FDA OK's UW-created therapy to protect hearing

The researchers hope their novel drug will safeguard patients from the hearing-damaging side effects of powerful antibiotics.  

Media Contact: Brian Donohue, 206.543.7856, bdonohue@uw.edu

The first clinical trial of a new drug designed to protect humans’ hearing will involve a compound developed at the University of Washington.

The U.S. Food and Drug Administration has approved ORC-13661 as an investigational drug to protect people from the hearing-damaging side effects of aminoglycosides, a class of antibiotics used to combat serious infections.  The FDA approval clears the way for a Phase I trial of volunteers to confirm whether the drug, which demonstrated significant protective ability in animal models, is safe for humans.

ORC-13661 represents more than a decade of work by two UW scientists:

  • Edwin Rubel, a professor of hearing sciences in the departments of otolaryngology-head and neck surgery and physiology & biophysics
  • David Raible, a professor of biological structure in the School of Medicine
pictures of Ed Rubel, David Raible and Julian Simon
From left, UW professors Rubel and Raible began collaborating on this research in 2001; Simon, of Fred Hutch, joined later.

“Our collaboration started in 2001; it was a novel idea and we got funded," Rubel said. "The goal was to discover how the receptor cells in the inner ear die. Why do some people start to lose their hearing at age 40 and others have good hearing at age 80?”

Their study of zebrafish was pivotal to understanding the mechanisms that affect hearing in humans. Fish have external hair cells akin to the receptor-cell structures in humans’ cochleas, which turn sound waves into electrical impulses for the brain to interpret.

“With the hair cells on the outside of their bodies, we could observe them very readily for genetic and molecular studies,” Rubel said.

Human receptor cells can be damaged as a secondary effect of antibiotics called aminoglycosides, which doctors employ against severe infections in cases of cystic fibrosis, immune suppression, and premature newborns, among other conditions.  These powerul antibiotics – for example, gentamicin and streptomycin – can kill the receptor cells in the cochlea and balance organs, causing permanent hearing loss and unsteadiness for patients.

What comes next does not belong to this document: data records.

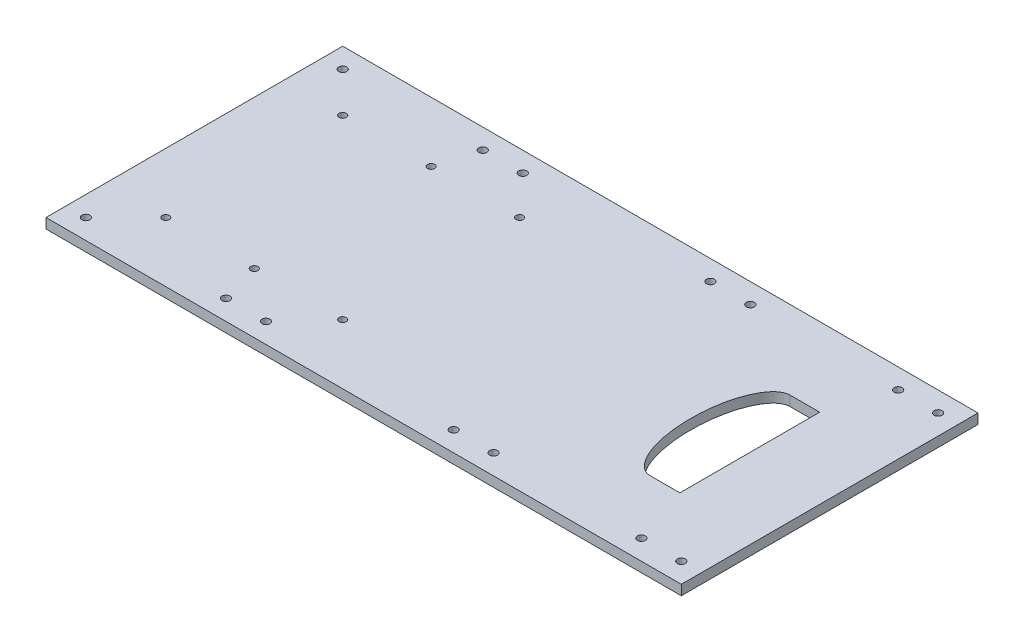
ISO-10303-21;
HEADER;
FILE_DESCRIPTION(('STEP AP214'),'2;1');
FILE_NAME('part.step','',(''),(''),'','','');
FILE_SCHEMA(('AUTOMOTIVE_DESIGN { 1 0 10303 214 1 1 1 1 }'));
ENDSEC;
DATA;
#1=APPLICATION_CONTEXT('core data for automotive mechanical design processes');
#2=APPLICATION_PROTOCOL_DEFINITION('international standard','automotive_design',2000,#1);
#3=PRODUCT_CONTEXT('',#1,'mechanical');
#4=PRODUCT('Part','Part','',(#3));
#5=PRODUCT_RELATED_PRODUCT_CATEGORY('part','',(#4));
#6=PRODUCT_DEFINITION_FORMATION('','',#4);
#7=PRODUCT_DEFINITION_CONTEXT('part definition',#1,'design');
#8=PRODUCT_DEFINITION('design','',#6,#7);
#9=PRODUCT_DEFINITION_SHAPE('','',#8);
#10=(LENGTH_UNIT() NAMED_UNIT(*) SI_UNIT(.MILLI.,.METRE.));
#11=(NAMED_UNIT(*) PLANE_ANGLE_UNIT() SI_UNIT($,.RADIAN.));
#12=(NAMED_UNIT(*) SI_UNIT($,.STERADIAN.) SOLID_ANGLE_UNIT());
#13=UNCERTAINTY_MEASURE_WITH_UNIT(LENGTH_MEASURE(1.E-05),#10,'distance_accuracy_value','');
#14=(GEOMETRIC_REPRESENTATION_CONTEXT(3) GLOBAL_UNCERTAINTY_ASSIGNED_CONTEXT((#13)) GLOBAL_UNIT_ASSIGNED_CONTEXT((#10,
#11,#12)) REPRESENTATION_CONTEXT('',''));
#15=CARTESIAN_POINT('',(0.,0.,0.));
#16=DIRECTION('',(0.,0.,1.));
#17=DIRECTION('',(1.,0.,0.));
#18=AXIS2_PLACEMENT_3D('',#15,#16,#17);
#19=CARTESIAN_POINT('',(286.384454851621,5.,1.06989237388449E-13));
#20=DIRECTION('',(1.,0.,0.));
#21=DIRECTION('',(0.,0.,-1.));
#22=AXIS2_PLACEMENT_3D('',#19,#20,#21);
#23=PLANE('',#22);
#24=DIRECTION('',(0.,0.,1.));
#25=VECTOR('',#24,1.);
#26=CARTESIAN_POINT('',(286.384454851621,0.,1.06989237388449E-13));
#27=LINE('',#26,#25);
#28=CARTESIAN_POINT('',(286.384454851621,0.,2.88781780476488));
#29=VERTEX_POINT('',#28);
#30=CARTESIAN_POINT('',(286.384454851621,0.,151.477817804765));
#31=VERTEX_POINT('',#30);
#32=EDGE_CURVE('E270',#29,#31,#27,.T.);
#33=ORIENTED_EDGE('',*,*,#32,.F.);
#34=DIRECTION('',(0.,-1.,0.));
#35=VECTOR('',#34,1.);
#36=CARTESIAN_POINT('',(286.384454851621,5.,2.88781780476488));
#37=LINE('',#36,#35);
#38=CARTESIAN_POINT('',(286.384454851621,5.,2.88781780476488));
#39=VERTEX_POINT('',#38);
#40=EDGE_CURVE('E12',#39,#29,#37,.T.);
#41=ORIENTED_EDGE('',*,*,#40,.F.);
#42=DIRECTION('',(0.,0.,1.));
#43=VECTOR('',#42,1.);
#44=CARTESIAN_POINT('',(286.384454851621,5.,1.06989237388449E-13));
#45=LINE('',#44,#43);
#46=CARTESIAN_POINT('',(286.384454851621,5.,151.477817804765));
#47=VERTEX_POINT('',#46);
#48=EDGE_CURVE('E280',#39,#47,#45,.T.);
#49=ORIENTED_EDGE('',*,*,#48,.T.);
#50=DIRECTION('',(0.,-1.,0.));
#51=VECTOR('',#50,1.);
#52=CARTESIAN_POINT('',(286.384454851621,5.,151.477817804765));
#53=LINE('',#52,#51);
#54=EDGE_CURVE('E281',#47,#31,#53,.T.);
#55=ORIENTED_EDGE('',*,*,#54,.T.);
#56=EDGE_LOOP('',(#33,#41,#49,#55));
#57=FACE_BOUND('',#56,.T.);
#58=ADVANCED_FACE('F58',(#57),#23,.T.);
#59=CARTESIAN_POINT('',(0.,5.,2.88781780476488));
#60=DIRECTION('',(0.,0.,-1.));
#61=DIRECTION('',(-1.,0.,0.));
#62=AXIS2_PLACEMENT_3D('',#59,#60,#61);
#63=PLANE('',#62);
#64=DIRECTION('',(1.,0.,0.));
#65=VECTOR('',#64,1.);
#66=CARTESIAN_POINT('',(0.,0.,2.88781780476488));
#67=LINE('',#66,#65);
#68=CARTESIAN_POINT('',(-31.7655451483791,0.,2.88781780476488));
#69=VERTEX_POINT('',#68);
#70=EDGE_CURVE('E262',#69,#29,#67,.T.);
#71=ORIENTED_EDGE('',*,*,#70,.F.);
#72=DIRECTION('',(0.,-1.,0.));
#73=VECTOR('',#72,1.);
#74=CARTESIAN_POINT('',(-31.7655451483791,5.,2.88781780476488));
#75=LINE('',#74,#73);
#76=CARTESIAN_POINT('',(-31.7655451483791,5.,2.88781780476488));
#77=VERTEX_POINT('',#76);
#78=EDGE_CURVE('E65',#77,#69,#75,.T.);
#79=ORIENTED_EDGE('',*,*,#78,.F.);
#80=DIRECTION('',(1.,0.,0.));
#81=VECTOR('',#80,1.);
#82=CARTESIAN_POINT('',(0.,5.,2.88781780476488));
#83=LINE('',#82,#81);
#84=EDGE_CURVE('E295',#77,#39,#83,.T.);
#85=ORIENTED_EDGE('',*,*,#84,.T.);
#86=ORIENTED_EDGE('',*,*,#40,.T.);
#87=EDGE_LOOP('',(#71,#79,#85,#86));
#88=FACE_BOUND('',#87,.T.);
#89=ADVANCED_FACE('F252',(#88),#63,.T.);
#90=CARTESIAN_POINT('',(-31.7655451483791,5.,0.));
#91=DIRECTION('',(1.,0.,0.));
#92=DIRECTION('',(0.,0.,-1.));
#93=AXIS2_PLACEMENT_3D('',#90,#91,#92);
#94=PLANE('',#93);
#95=DIRECTION('',(0.,0.,1.));
#96=VECTOR('',#95,1.);
#97=CARTESIAN_POINT('',(-31.7655451483791,0.,0.));
#98=LINE('',#97,#96);
#99=CARTESIAN_POINT('',(-31.7655451483791,0.,151.477817804765));
#100=VERTEX_POINT('',#99);
#101=EDGE_CURVE('E269',#69,#100,#98,.T.);
#102=ORIENTED_EDGE('',*,*,#101,.T.);
#103=DIRECTION('',(0.,-1.,0.));
#104=VECTOR('',#103,1.);
#105=CARTESIAN_POINT('',(-31.7655451483791,5.,151.477817804765));
#106=LINE('',#105,#104);
#107=CARTESIAN_POINT('',(-31.7655451483791,5.,151.477817804765));
#108=VERTEX_POINT('',#107);
#109=EDGE_CURVE('E283',#108,#100,#106,.T.);
#110=ORIENTED_EDGE('',*,*,#109,.F.);
#111=DIRECTION('',(0.,0.,1.));
#112=VECTOR('',#111,1.);
#113=CARTESIAN_POINT('',(-31.7655451483791,5.,0.));
#114=LINE('',#113,#112);
#115=EDGE_CURVE('E287',#77,#108,#114,.T.);
#116=ORIENTED_EDGE('',*,*,#115,.F.);
#117=ORIENTED_EDGE('',*,*,#78,.T.);
#118=EDGE_LOOP('',(#102,#110,#116,#117));
#119=FACE_BOUND('',#118,.T.);
#120=ADVANCED_FACE('F249',(#119),#94,.F.);
#121=CARTESIAN_POINT('',(0.,5.,151.477817804765));
#122=DIRECTION('',(0.,0.,-1.));
#123=DIRECTION('',(-1.,0.,0.));
#124=AXIS2_PLACEMENT_3D('',#121,#122,#123);
#125=PLANE('',#124);
#126=DIRECTION('',(1.,0.,0.));
#127=VECTOR('',#126,1.);
#128=CARTESIAN_POINT('',(0.,0.,151.477817804765));
#129=LINE('',#128,#127);
#130=EDGE_CURVE('E272',#100,#31,#129,.T.);
#131=ORIENTED_EDGE('',*,*,#130,.T.);
#132=ORIENTED_EDGE('',*,*,#54,.F.);
#133=DIRECTION('',(1.,0.,0.));
#134=VECTOR('',#133,1.);
#135=CARTESIAN_POINT('',(0.,5.,151.477817804765));
#136=LINE('',#135,#134);
#137=EDGE_CURVE('E284',#108,#47,#136,.T.);
#138=ORIENTED_EDGE('',*,*,#137,.F.);
#139=ORIENTED_EDGE('',*,*,#109,.T.);
#140=EDGE_LOOP('',(#131,#132,#138,#139));
#141=FACE_BOUND('',#140,.T.);
#142=ADVANCED_FACE('F243',(#141),#125,.F.);
#143=CARTESIAN_POINT('',(0.,5.,0.));
#144=DIRECTION('',(0.,1.,0.));
#145=DIRECTION('',(0.,0.,1.));
#146=AXIS2_PLACEMENT_3D('',#143,#144,#145);
#147=PLANE('',#146);
#148=DIRECTION('',(1.,0.,0.));
#149=VECTOR('',#148,1.);
#150=CARTESIAN_POINT('',(0.,5.,112.182817804765));
#151=LINE('',#150,#149);
#152=CARTESIAN_POINT('',(231.591274663147,5.,112.182817804765));
#153=VERTEX_POINT('',#152);
#154=CARTESIAN_POINT('',(246.384454851621,5.,112.182817804765));
#155=VERTEX_POINT('',#154);
#156=EDGE_CURVE('E124',#153,#155,#151,.T.);
#157=ORIENTED_EDGE('',*,*,#156,.F.);
#158=CARTESIAN_POINT('',(231.591274663147,5.,77.1828178047649));
#159=DIRECTION('',(0.,-1.,0.));
#160=DIRECTION('',(0.,0.,1.));
#161=AXIS2_PLACEMENT_3D('',#158,#159,#160);
#162=ELLIPSE('',#161,35.,14.7931801884737);
#163=CARTESIAN_POINT('',(231.591274663147,5.,42.1828178047649));
#164=VERTEX_POINT('',#163);
#165=EDGE_CURVE('E144',#164,#153,#162,.F.);
#166=ORIENTED_EDGE('',*,*,#165,.F.);
#167=DIRECTION('',(1.,0.,0.));
#168=VECTOR('',#167,1.);
#169=CARTESIAN_POINT('',(0.,5.,42.1828178047648));
#170=LINE('',#169,#168);
#171=CARTESIAN_POINT('',(246.384454851621,5.,42.1828178047649));
#172=VERTEX_POINT('',#171);
#173=EDGE_CURVE('E422',#164,#172,#170,.T.);
#174=ORIENTED_EDGE('',*,*,#173,.T.);
#175=DIRECTION('',(0.,0.,-1.));
#176=VECTOR('',#175,1.);
#177=CARTESIAN_POINT('',(246.384454851621,5.,0.));
#178=LINE('',#177,#176);
#179=EDGE_CURVE('E420',#155,#172,#178,.T.);
#180=ORIENTED_EDGE('',*,*,#179,.F.);
#181=EDGE_LOOP('',(#157,#166,#174,#180));
#182=FACE_BOUND('',#181,.T.);
#183=CARTESIAN_POINT('',(256.384454851621,5.,141.477817804765));
#184=DIRECTION('',(0.,1.,0.));
#185=DIRECTION('',(0.,0.,1.));
#186=AXIS2_PLACEMENT_3D('',#183,#184,#185);
#187=CIRCLE('',#186,2.);
#188=CARTESIAN_POINT('',(256.384454851621,5.,143.477817804765));
#189=VERTEX_POINT('',#188);
#190=EDGE_CURVE('E407',#189,#189,#187,.T.);
#191=ORIENTED_EDGE('',*,*,#190,.F.);
#192=EDGE_LOOP('',(#191));
#193=FACE_BOUND('',#192,.T.);
#194=CARTESIAN_POINT('',(256.384454851621,5.,12.8878178047649));
#195=DIRECTION('',(0.,1.,0.));
#196=DIRECTION('',(0.,0.,1.));
#197=AXIS2_PLACEMENT_3D('',#194,#195,#196);
#198=CIRCLE('',#197,2.);
#199=CARTESIAN_POINT('',(256.384454851621,5.,14.8878178047649));
#200=VERTEX_POINT('',#199);
#201=EDGE_CURVE('E410',#200,#200,#198,.T.);
#202=ORIENTED_EDGE('',*,*,#201,.F.);
#203=EDGE_LOOP('',(#202));
#204=FACE_BOUND('',#203,.T.);
#205=CARTESIAN_POINT('',(48.3844548516209,5.,141.477817804765));
#206=DIRECTION('',(0.,1.,0.));
#207=DIRECTION('',(0.,0.,1.));
#208=AXIS2_PLACEMENT_3D('',#205,#206,#207);
#209=CIRCLE('',#208,2.);
#210=CARTESIAN_POINT('',(48.3844548516209,5.,143.477817804765));
#211=VERTEX_POINT('',#210);
#212=EDGE_CURVE('E357',#211,#211,#209,.T.);
#213=ORIENTED_EDGE('',*,*,#212,.F.);
#214=EDGE_LOOP('',(#213));
#215=FACE_BOUND('',#214,.T.);
#216=CARTESIAN_POINT('',(162.384454851621,5.,141.477817804765));
#217=DIRECTION('',(0.,1.,0.));
#218=DIRECTION('',(0.,0.,1.));
#219=AXIS2_PLACEMENT_3D('',#216,#217,#218);
#220=CIRCLE('',#219,2.);
#221=CARTESIAN_POINT('',(162.384454851621,5.,143.477817804765));
#222=VERTEX_POINT('',#221);
#223=EDGE_CURVE('E362',#222,#222,#220,.T.);
#224=ORIENTED_EDGE('',*,*,#223,.F.);
#225=EDGE_LOOP('',(#224));
#226=FACE_BOUND('',#225,.T.);
#227=CARTESIAN_POINT('',(182.384454851621,5.,141.477817804765));
#228=DIRECTION('',(0.,1.,0.));
#229=DIRECTION('',(0.,0.,1.));
#230=AXIS2_PLACEMENT_3D('',#227,#228,#229);
#231=CIRCLE('',#230,2.);
#232=CARTESIAN_POINT('',(182.384454851621,5.,143.477817804765));
#233=VERTEX_POINT('',#232);
#234=EDGE_CURVE('E365',#233,#233,#231,.T.);
#235=ORIENTED_EDGE('',*,*,#234,.F.);
#236=EDGE_LOOP('',(#235));
#237=FACE_BOUND('',#236,.T.);
#238=CARTESIAN_POINT('',(182.384454851621,5.,12.8878178047649));
#239=DIRECTION('',(0.,1.,0.));
#240=DIRECTION('',(0.,0.,1.));
#241=AXIS2_PLACEMENT_3D('',#238,#239,#240);
#242=CIRCLE('',#241,2.);
#243=CARTESIAN_POINT('',(182.384454851621,5.,14.8878178047649));
#244=VERTEX_POINT('',#243);
#245=EDGE_CURVE('E368',#244,#244,#242,.T.);
#246=ORIENTED_EDGE('',*,*,#245,.F.);
#247=EDGE_LOOP('',(#246));
#248=FACE_BOUND('',#247,.T.);
#249=CARTESIAN_POINT('',(68.384454851621,5.,12.8878178047649));
#250=DIRECTION('',(0.,1.,0.));
#251=DIRECTION('',(0.,0.,1.));
#252=AXIS2_PLACEMENT_3D('',#249,#250,#251);
#253=CIRCLE('',#252,2.);
#254=CARTESIAN_POINT('',(68.384454851621,5.,14.8878178047649));
#255=VERTEX_POINT('',#254);
#256=EDGE_CURVE('E371',#255,#255,#253,.T.);
#257=ORIENTED_EDGE('',*,*,#256,.F.);
#258=EDGE_LOOP('',(#257));
#259=FACE_BOUND('',#258,.T.);
#260=CARTESIAN_POINT('',(48.3844548516209,5.,12.8878178047649));
#261=DIRECTION('',(0.,1.,0.));
#262=DIRECTION('',(0.,0.,1.));
#263=AXIS2_PLACEMENT_3D('',#260,#261,#262);
#264=CIRCLE('',#263,2.);
#265=CARTESIAN_POINT('',(48.3844548516209,5.,14.8878178047649));
#266=VERTEX_POINT('',#265);
#267=EDGE_CURVE('E374',#266,#266,#264,.T.);
#268=ORIENTED_EDGE('',*,*,#267,.F.);
#269=EDGE_LOOP('',(#268));
#270=FACE_BOUND('',#269,.T.);
#271=CARTESIAN_POINT('',(162.384454851621,5.,12.8878178047649));
#272=DIRECTION('',(0.,1.,0.));
#273=DIRECTION('',(0.,0.,1.));
#274=AXIS2_PLACEMENT_3D('',#271,#272,#273);
#275=CIRCLE('',#274,2.);
#276=CARTESIAN_POINT('',(162.384454851621,5.,14.8878178047649));
#277=VERTEX_POINT('',#276);
#278=EDGE_CURVE('E377',#277,#277,#275,.T.);
#279=ORIENTED_EDGE('',*,*,#278,.F.);
#280=EDGE_LOOP('',(#279));
#281=FACE_BOUND('',#280,.T.);
#282=CARTESIAN_POINT('',(68.384454851621,5.,141.477817804765));
#283=DIRECTION('',(0.,1.,0.));
#284=DIRECTION('',(0.,0.,1.));
#285=AXIS2_PLACEMENT_3D('',#282,#283,#284);
#286=CIRCLE('',#285,2.);
#287=CARTESIAN_POINT('',(68.384454851621,5.,143.477817804765));
#288=VERTEX_POINT('',#287);
#289=EDGE_CURVE('E380',#288,#288,#286,.T.);
#290=ORIENTED_EDGE('',*,*,#289,.F.);
#291=EDGE_LOOP('',(#290));
#292=FACE_BOUND('',#291,.T.);
#293=CARTESIAN_POINT('',(86.8244548516209,5.,121.477817804765));
#294=DIRECTION('',(0.,-1.,0.));
#295=DIRECTION('',(0.,0.,-1.));
#296=AXIS2_PLACEMENT_3D('',#293,#294,#295);
#297=CIRCLE('',#296,1.79999999999999);
#298=CARTESIAN_POINT('',(86.8244548516209,5.,119.677817804765));
#299=VERTEX_POINT('',#298);
#300=EDGE_CURVE('E349',#299,#299,#297,.T.);
#301=ORIENTED_EDGE('',*,*,#300,.T.);
#302=EDGE_LOOP('',(#301));
#303=FACE_BOUND('',#302,.T.);
#304=CARTESIAN_POINT('',(86.8244548516209,5.,32.8878178047649));
#305=DIRECTION('',(0.,-1.,0.));
#306=DIRECTION('',(0.,0.,-1.));
#307=AXIS2_PLACEMENT_3D('',#304,#305,#306);
#308=CIRCLE('',#307,1.79999999999999);
#309=CARTESIAN_POINT('',(86.8244548516209,5.,31.0878178047649));
#310=VERTEX_POINT('',#309);
#311=EDGE_CURVE('E343',#310,#310,#308,.T.);
#312=ORIENTED_EDGE('',*,*,#311,.T.);
#313=EDGE_LOOP('',(#312));
#314=FACE_BOUND('',#313,.T.);
#315=CARTESIAN_POINT('',(42.5294548516209,5.,32.8878178047649));
#316=DIRECTION('',(0.,-1.,0.));
#317=DIRECTION('',(0.,0.,-1.));
#318=AXIS2_PLACEMENT_3D('',#315,#316,#317);
#319=CIRCLE('',#318,1.8);
#320=CARTESIAN_POINT('',(42.5294548516209,5.,31.0878178047649));
#321=VERTEX_POINT('',#320);
#322=EDGE_CURVE('E337',#321,#321,#319,.T.);
#323=ORIENTED_EDGE('',*,*,#322,.T.);
#324=EDGE_LOOP('',(#323));
#325=FACE_BOUND('',#324,.T.);
#326=CARTESIAN_POINT('',(-1.76554514837908,5.,32.8878178047649));
#327=DIRECTION('',(0.,-1.,0.));
#328=DIRECTION('',(0.,0.,-1.));
#329=AXIS2_PLACEMENT_3D('',#326,#327,#328);
#330=CIRCLE('',#329,1.8);
#331=CARTESIAN_POINT('',(-1.76554514837908,5.,31.0878178047649));
#332=VERTEX_POINT('',#331);
#333=EDGE_CURVE('E330',#332,#332,#330,.T.);
#334=ORIENTED_EDGE('',*,*,#333,.T.);
#335=EDGE_LOOP('',(#334));
#336=FACE_BOUND('',#335,.T.);
#337=CARTESIAN_POINT('',(-1.76554514837908,5.,121.477817804765));
#338=DIRECTION('',(0.,-1.,0.));
#339=DIRECTION('',(0.,0.,-1.));
#340=AXIS2_PLACEMENT_3D('',#337,#338,#339);
#341=CIRCLE('',#340,1.8);
#342=CARTESIAN_POINT('',(-1.76554514837908,5.,119.677817804765));
#343=VERTEX_POINT('',#342);
#344=EDGE_CURVE('E354',#343,#343,#341,.T.);
#345=ORIENTED_EDGE('',*,*,#344,.T.);
#346=EDGE_LOOP('',(#345));
#347=FACE_BOUND('',#346,.T.);
#348=CARTESIAN_POINT('',(42.5294548516209,5.,121.477817804765));
#349=DIRECTION('',(0.,-1.,0.));
#350=DIRECTION('',(0.,0.,-1.));
#351=AXIS2_PLACEMENT_3D('',#348,#349,#350);
#352=CIRCLE('',#351,1.8);
#353=CARTESIAN_POINT('',(42.5294548516209,5.,119.677817804765));
#354=VERTEX_POINT('',#353);
#355=EDGE_CURVE('E310',#354,#354,#352,.T.);
#356=ORIENTED_EDGE('',*,*,#355,.T.);
#357=EDGE_LOOP('',(#356));
#358=FACE_BOUND('',#357,.T.);
#359=CARTESIAN_POINT('',(276.384454851621,5.,141.477817804765));
#360=DIRECTION('',(0.,1.,0.));
#361=DIRECTION('',(0.,0.,1.));
#362=AXIS2_PLACEMENT_3D('',#359,#360,#361);
#363=CIRCLE('',#362,2.);
#364=CARTESIAN_POINT('',(276.384454851621,5.,143.477817804765));
#365=VERTEX_POINT('',#364);
#366=EDGE_CURVE('E306',#365,#365,#363,.T.);
#367=ORIENTED_EDGE('',*,*,#366,.F.);
#368=EDGE_LOOP('',(#367));
#369=FACE_BOUND('',#368,.T.);
#370=CARTESIAN_POINT('',(276.384454851621,5.,12.8878178047649));
#371=DIRECTION('',(0.,1.,0.));
#372=DIRECTION('',(0.,0.,1.));
#373=AXIS2_PLACEMENT_3D('',#370,#371,#372);
#374=CIRCLE('',#373,2.);
#375=CARTESIAN_POINT('',(276.384454851621,5.,14.8878178047649));
#376=VERTEX_POINT('',#375);
#377=EDGE_CURVE('E313',#376,#376,#374,.T.);
#378=ORIENTED_EDGE('',*,*,#377,.F.);
#379=EDGE_LOOP('',(#378));
#380=FACE_BOUND('',#379,.T.);
#381=CARTESIAN_POINT('',(-21.7655451483791,5.,12.8878178047649));
#382=DIRECTION('',(0.,1.,0.));
#383=DIRECTION('',(0.,0.,1.));
#384=AXIS2_PLACEMENT_3D('',#381,#382,#383);
#385=CIRCLE('',#384,2.);
#386=CARTESIAN_POINT('',(-21.7655451483791,5.,14.8878178047649));
#387=VERTEX_POINT('',#386);
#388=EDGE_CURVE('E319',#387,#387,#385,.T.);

Over 16 years, Rubel and Raible confirmed that the fishes' hair cells are similar genetically and in other ways to hearing receptor cells in humans and other mammals.

In concert with Julian Simon, a medicinal chemist based at the Fred Hutchinson Cancer Research Center, and others, they tested the ability of more than 10,000 molecules to protect the zebrafishes’ hair cells from the toxic effects of these antibiotics.

picture of two zebrafish swimming
The researchers found that zebrafish hair cells have genetic and other similarities to human hearing receptor cells.

“We did a phenotypic screen,” said Raible. “It’s a different approach from many drug screens that target a specific receptor or protein known to be important, and then design a molecule to fit the active site of the protein. Instead, we screened libraries of chemicals to find ones that stopped zebrafish hair cells from dying, and used the one that worked best. But we can’t say we know exactly why it works.”

Their breakthrough results, published last month, involved a change that amplified the effectiveness of a promising compound from earlier studies. The drug demonstrated  outstanding safety and 100-percent protection of hair cells in zebrafish and rats in vivo. This spurred the FDA’s action.

In 2013 Raible and Rubel co-founded a company, Oricula Therapeutics, which exclusively licenses patents for ORC-13661 held by the University of Washington and Fred Hutch.  Oricula made the application to the FDA and will pursue funding for the Phase I trial of the drug's safety in humans, Rubel said. If that were to succeed, the next step would be testing the drug's effectiveness among patients who must take aminoglycosides to stave off life-threatening infections.

Both scientists reflected on the infusion of $34,000 that got them going back in 2001. The money came from the UW’s Royalty Research Fund, a mechanism in which UW’s royalty and licensing fee income is selectively reinvested in promising new research.

“It’s such a cool thing that the university uses royalties to seed new ideas that might one day reinfuse the fund,” Raible said. “The people who came up with the fund should know that it does make a difference in these ventures.”